The main bug is that the module accepts a variable (admin setting) called flickrapi_api_secret but doesn't use it when it instantiates the phpFlickr class.

new phpFlickr($api_key);

The bundled phpFlickr library supports a shared secret as the second constructor parameter, so I just assume its omission was an oversight.

In slightly poor discipline, I have created a patch not only for that bug, but also something more like an added feature. It adds the (newer?) authentication token variable and integrates it into the object creation when supplied. The great benefit of using an authentication token is that private Flickr photos can be shown.

CommentFileSizeAuthor
#1 extra_api_settings-1320154-1.patch1.85 KBhughbris

Comments

hughbris’s picture

hughbris commented
StatusFileSize
new extra_api_settings-1320154-1.patch1.85 KB

As per issue report, patch which also adds authentication token setting to allow private photo sharing.

seanr’s picture

seanr
he/him
commented

This looks great. I may have time to test this over the weekend. If I do and it works, I'll also start a D7 port of the patch.

BarisW’s picture

BarisW commented
Status: Needs review » Postponed (maintainer needs more info)

Hi Hugh,

could you explain what the use case here would be?
If I'm right, shouldn't the auth token be given after validating the app (after OAuth authentication)?

I think we need to implement #1420886: Use OAuth by July 31 cutover and then store the Authorization code in Drupal. This should not be set manually by the end-user, right? As far as can see, there is no way to get your auth code using the Flickr interface, right?

Please correct me if I'm wrong, but it seems that we can close this and implement #1420886: Use OAuth by July 31 cutover instead.

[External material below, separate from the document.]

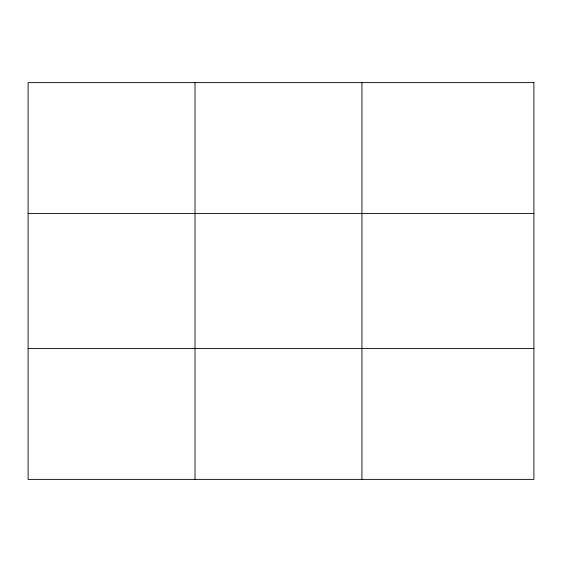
<?xml version="1.0" encoding="UTF-8"?>
<svg xmlns="http://www.w3.org/2000/svg" width="562" height="562" viewBox="0 0 562 562"><rect width="100%" height="100%" fill="white"/><g stroke="black" fill="none" stroke-linecap="round" stroke-linejoin="round"><path stroke-width="0.84" d="M195.014 479.379L195.014 82.621M361.928 479.379L361.928 82.621M28.1 213.553L533.9 213.553M28.1 348.447L533.9 348.447M533.9 82.621L533.9 479.379L28.1 479.379L28.1 82.621L533.9 82.621"/></g></svg>

Whatever we do: first D7, then rollback to D6.

BarisW’s picture

BarisW commented

Ah, I see you already did a great job over at #1320302: Add an authentication token fetching tool!
I'll have a look what you've done (I just stepped in as co-maintainer and have to catch up with the current issues).

BarisW’s picture

BarisW commented
Status: Postponed (maintainer needs more info) » Fixed

I've added the $secret key to the flickr request (and committed to D6 & D7). Adding the authcode doesn't make sense for the time being, we need to focus on adding OAuth support. Marking this fixed, if you disagree please re-open.

Status: Fixed » Closed (fixed)

Automatically closed -- issue fixed for 2 weeks with no activity.